Man of Earth is a science fiction novel by Algis Budrys, first published in 1958 by Ballantine Books. "The Man from Earth", a "greatly different" earlier version of the story was published in the debut issue of Satellite Science Fiction in 1956.[1]

Plot summary

In Man of Earth, Allen Sibley is a businessman who is about to be indicted for bribery of a public official. Desperate to escape prison, he pays a fortune to the mysterious Doncaster Corporation for a new identity (and a new body and personality to go with it). However, Doncaster tricks him, sending him as an unwilling emigrant to the extraterrestrial colony on planet Pluto. Although it has been terraformed into a pleasant enough abode, Pluto is thoroughly neglected by a narcissistic Earth, and only ne'er-do-wells and misfits settle it. Sibley, with no marketable skills, is drafted into the Plutonian army, which is building an anomalously large war machine. His new commanding persona makes him swiftly rise in rank, and he soon concludes that Pluto intends to invade and plunder its neglectful mother planet.

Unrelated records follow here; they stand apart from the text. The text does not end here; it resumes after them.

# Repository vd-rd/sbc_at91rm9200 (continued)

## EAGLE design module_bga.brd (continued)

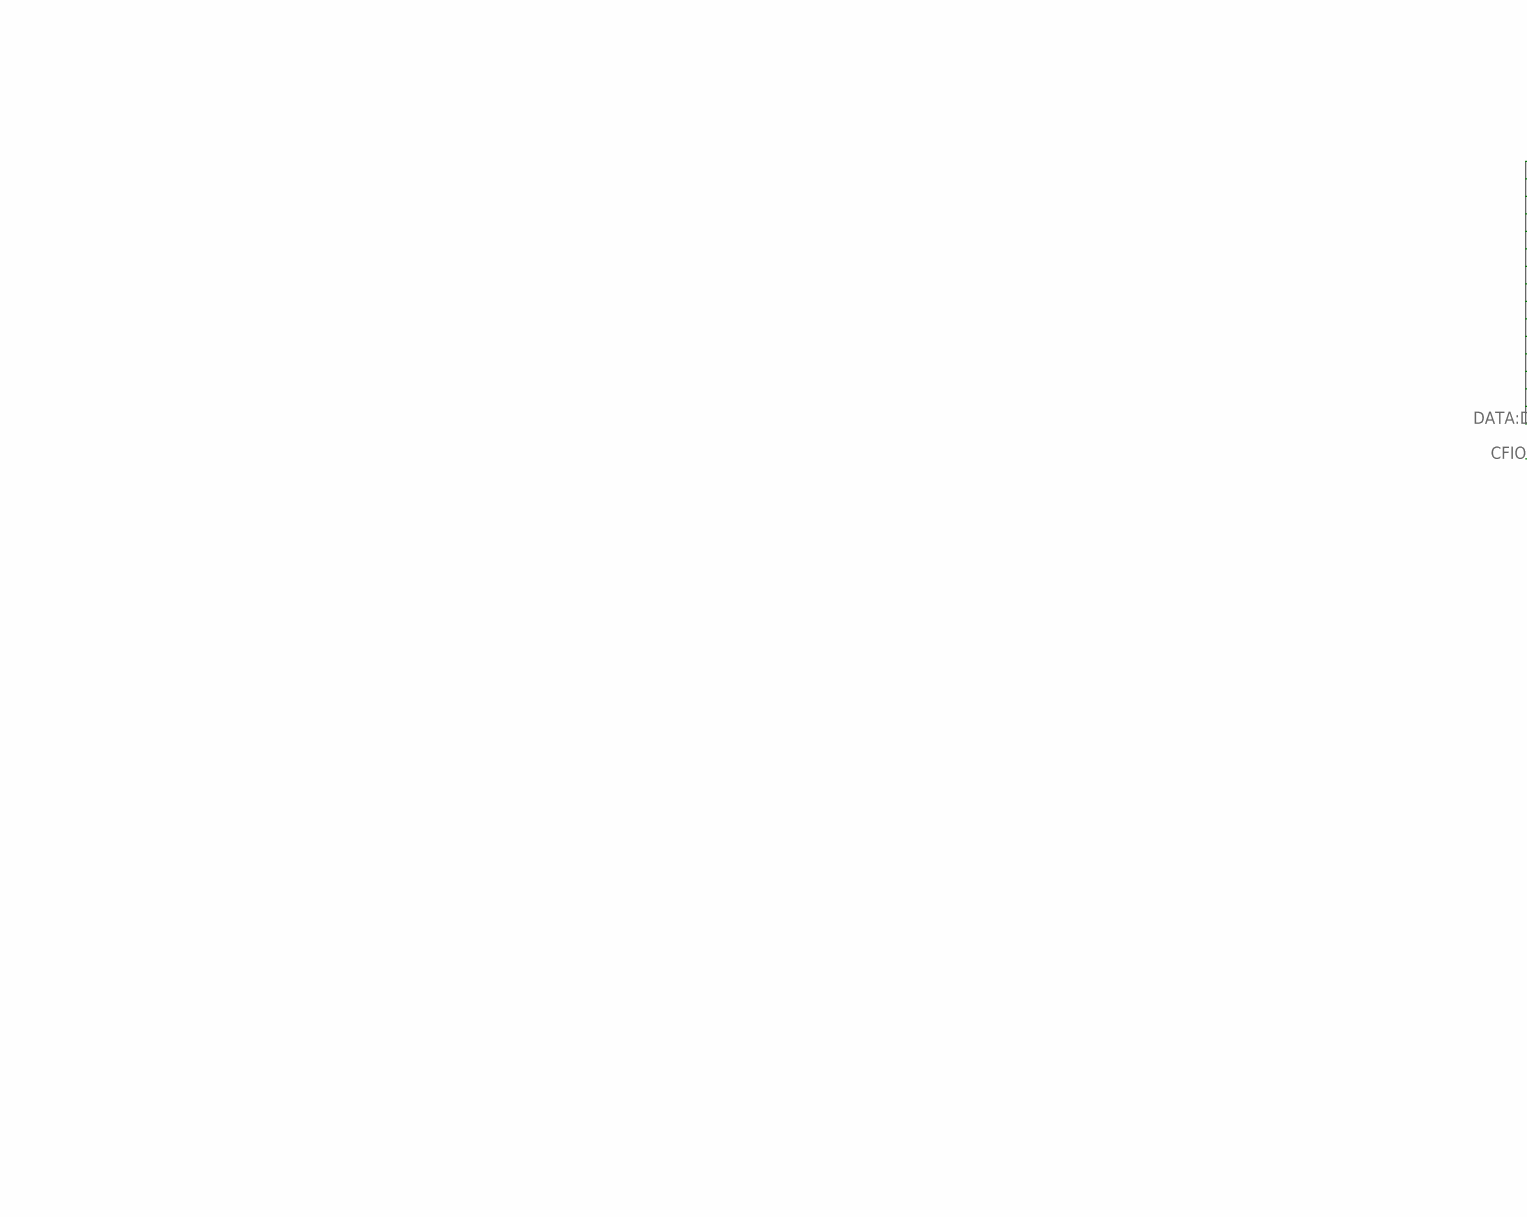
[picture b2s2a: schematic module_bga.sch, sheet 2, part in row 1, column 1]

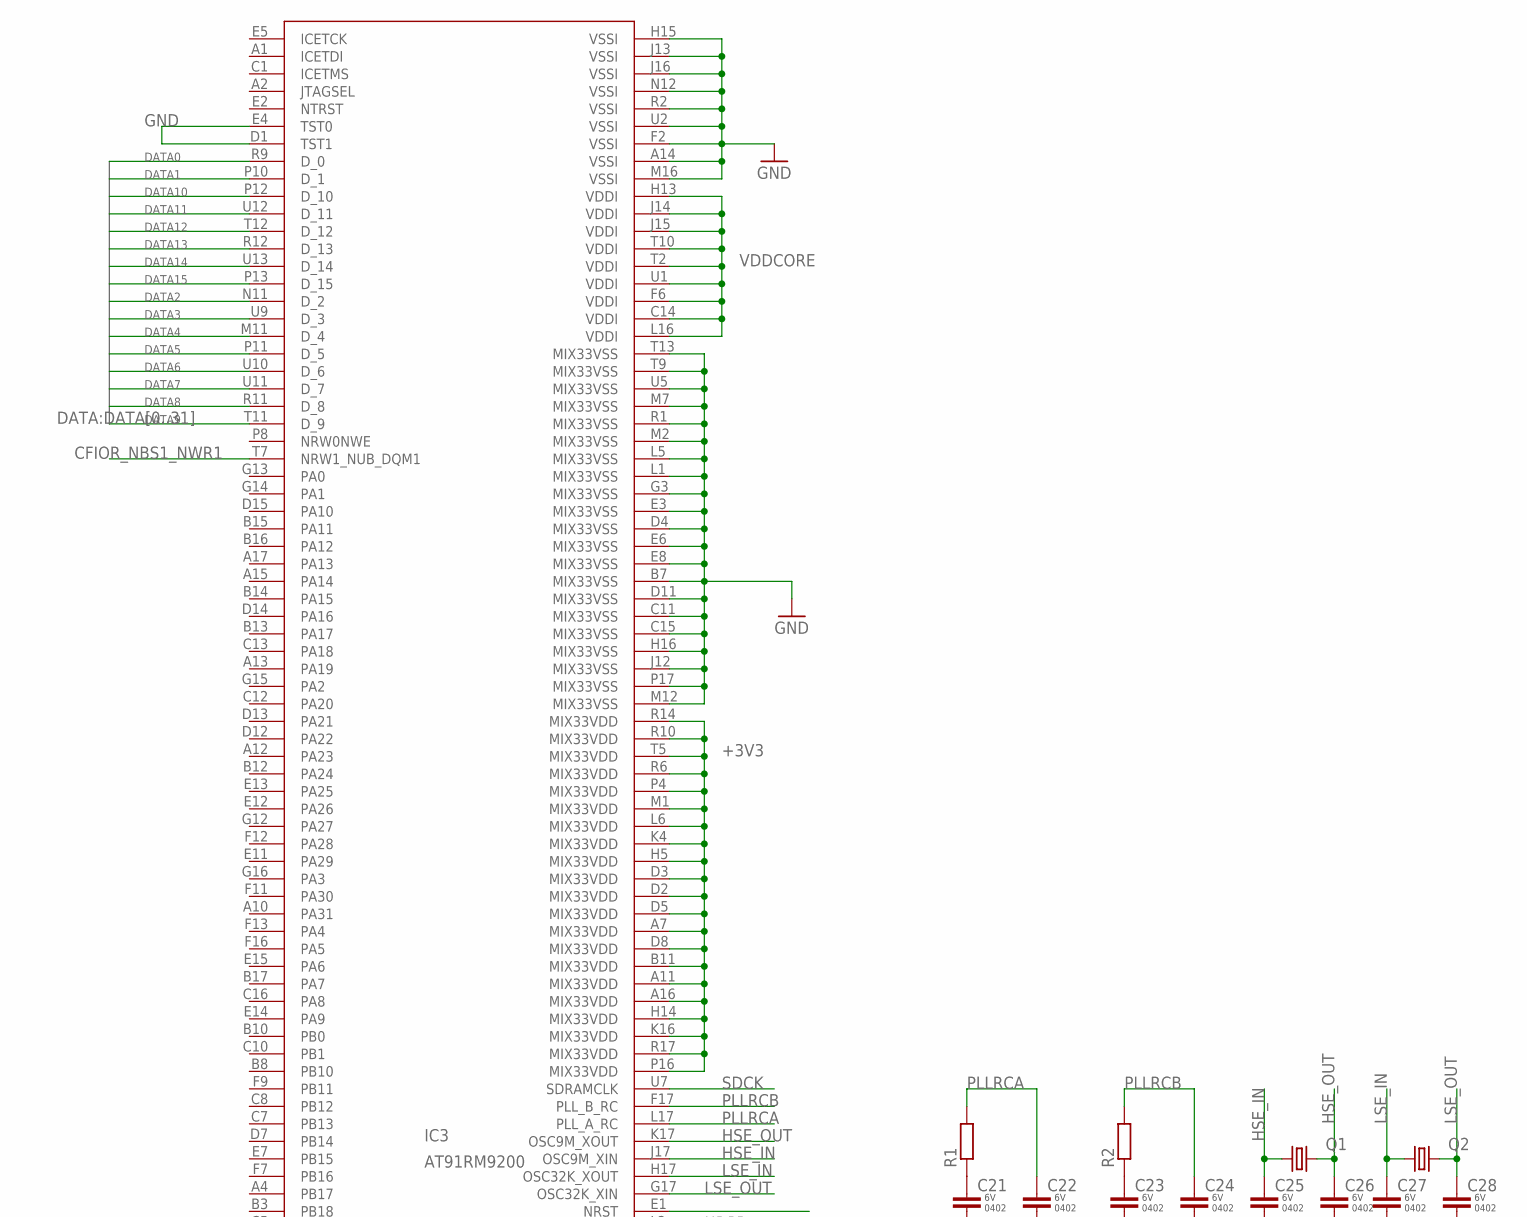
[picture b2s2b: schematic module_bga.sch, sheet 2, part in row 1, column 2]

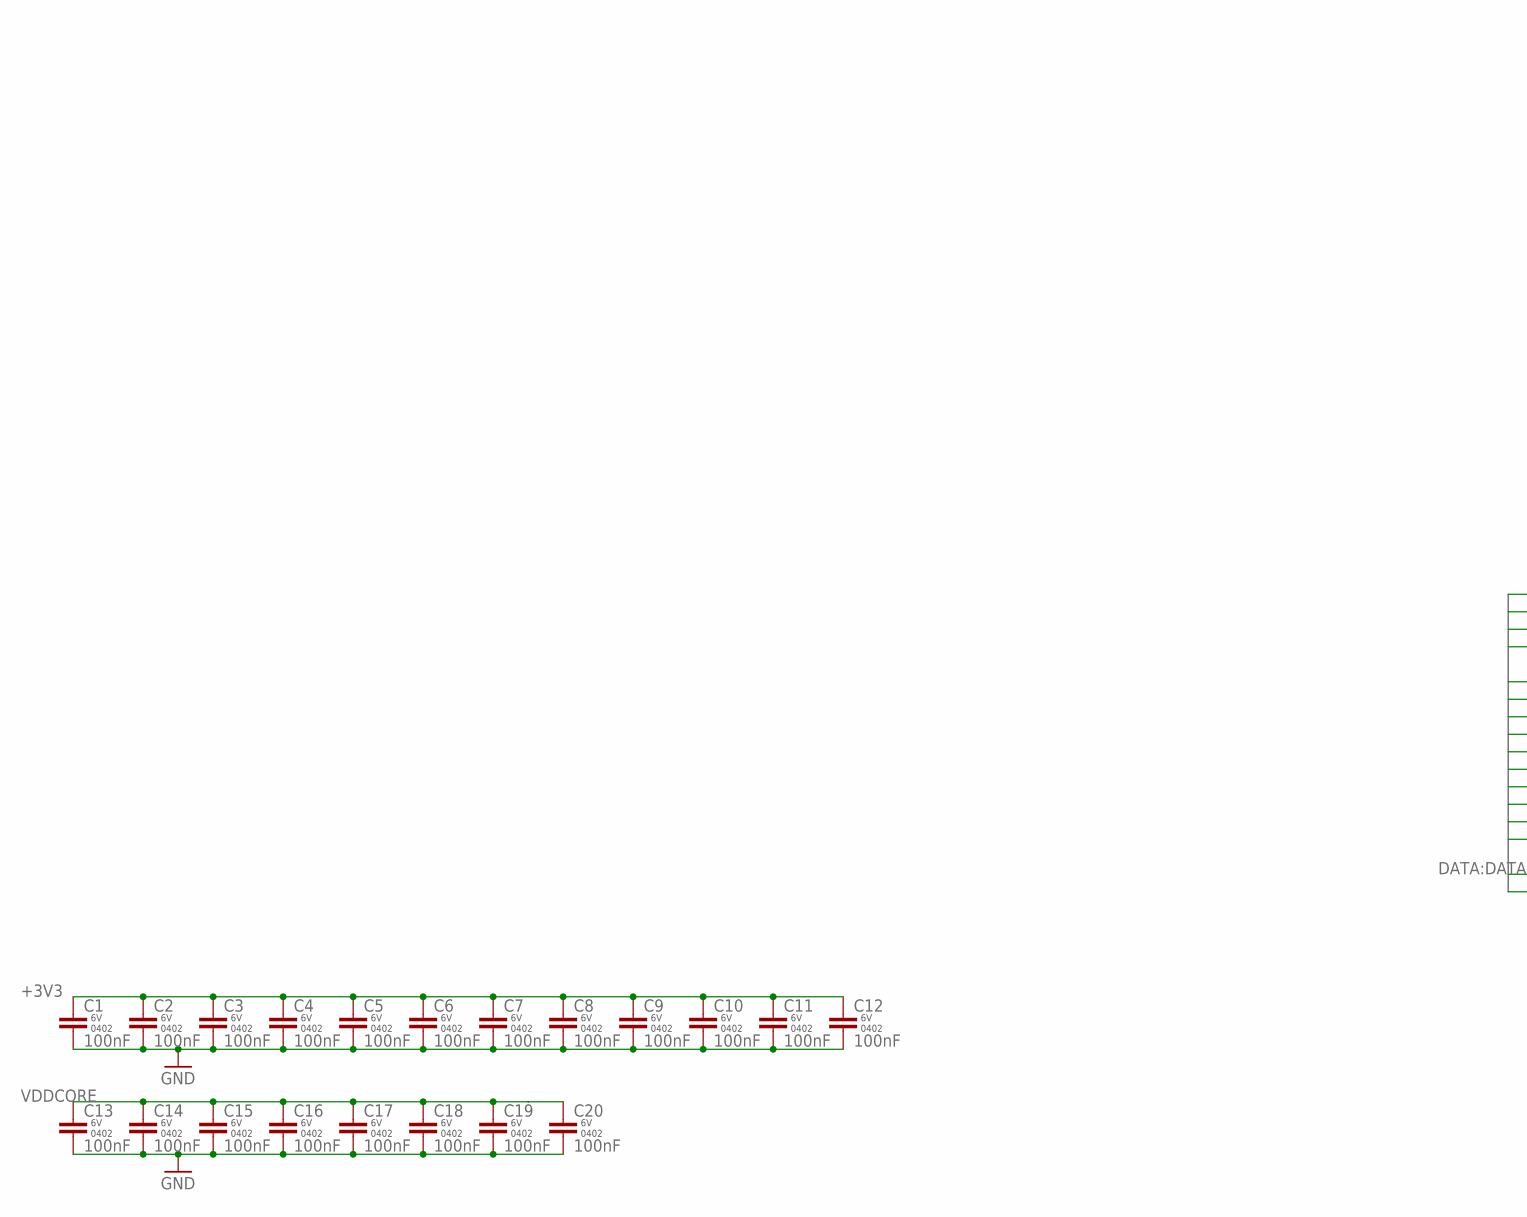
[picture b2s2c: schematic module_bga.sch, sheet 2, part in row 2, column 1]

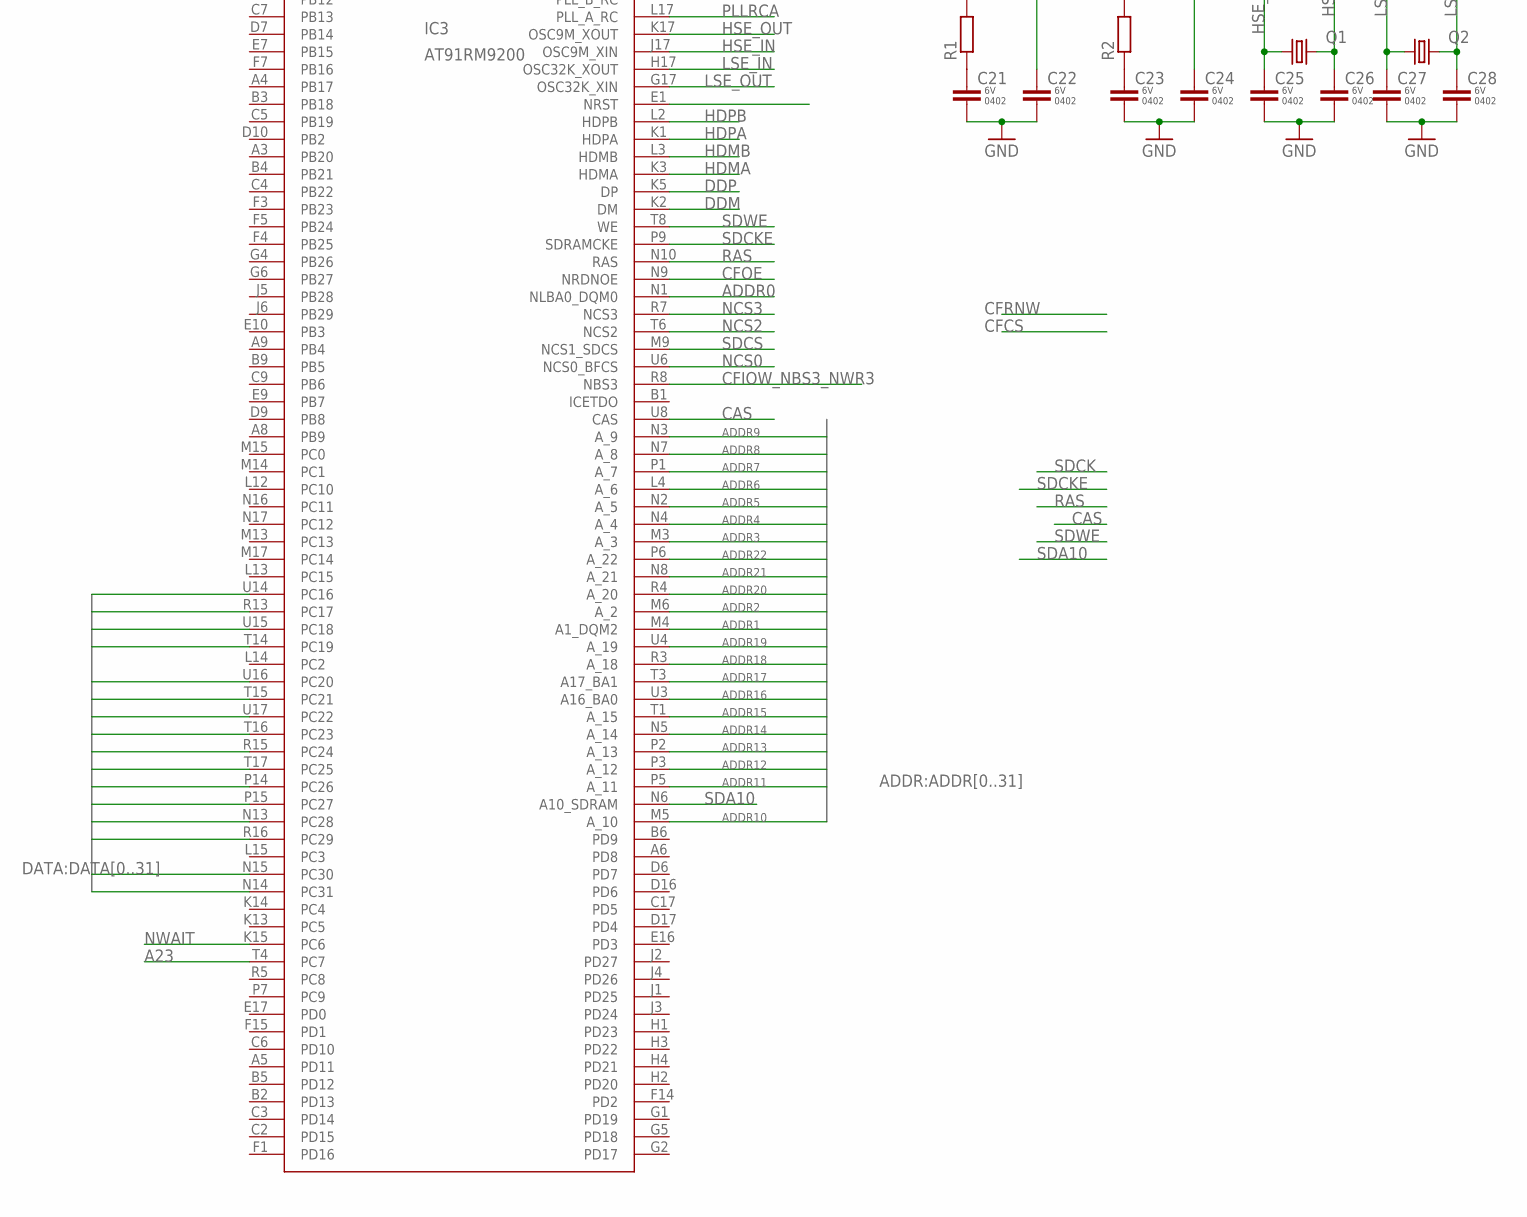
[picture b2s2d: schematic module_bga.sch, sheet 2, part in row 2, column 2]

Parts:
C1, C2, C3, C4, C5, C6, C7, C8, C9, C10, C11, C12, C13, C14, C15, C16, C17, C18, C19, C20: 100nF; C0402K
C21, C22, C23, C24, C25, C26, C27, C28: CAP-0402; C0402K
IC3: AT91RM9200; LFBGA256_A_291X326
Q1: KX-7; 3.2X2.5_KX-7
Q2: KX-327-NHF; 3.2X1.5
R1, R2: R-EU_R0402; R0402

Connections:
+3V3: C1.1, C2.1, C3.1, C4.1, C5.1, C6.1, C7.1, C8.1, C9.1, C10.1, C11.1, C12.1, IC3.A7 (MIX33VDD), IC3.A11 (MIX33VDD), IC3.A16 (MIX33VDD), IC3.B11 (MIX33VDD), IC3.D2 (MIX33VDD), IC3.D3 (MIX33VDD), IC3.D5 (MIX33VDD), IC3.D8 (MIX33VDD), IC3.H5 (MIX33VDD), IC3.H14 (MIX33VDD), IC3.K4 (MIX33VDD), IC3.K16 (MIX33VDD), IC3.L6 (MIX33VDD), IC3.M1 (MIX33VDD), IC3.P4 (MIX33VDD), IC3.P16 (MIX33VDD), IC3.R6 (MIX33VDD), IC3.R10 (MIX33VDD), IC3.R14 (MIX33VDD), IC3.R17 (MIX33VDD), IC3.T5 (MIX33VDD); also elsewhere on the board
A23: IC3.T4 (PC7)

Instead, Doncaster suddenly reveals that the Pluto colony was created by them as a stepping-stone to the stars, and that Earth will be left to go rancid, while "new men", like the rebuilt Sibley, conquer the universe.

Literary significance & criticism

Robert Silverberg, writing as "Calvin M. Knox," reviewed the novel soon after publication,[2] and it was also reviewed by Hans Stefan Santesson in June of the previous year.[3]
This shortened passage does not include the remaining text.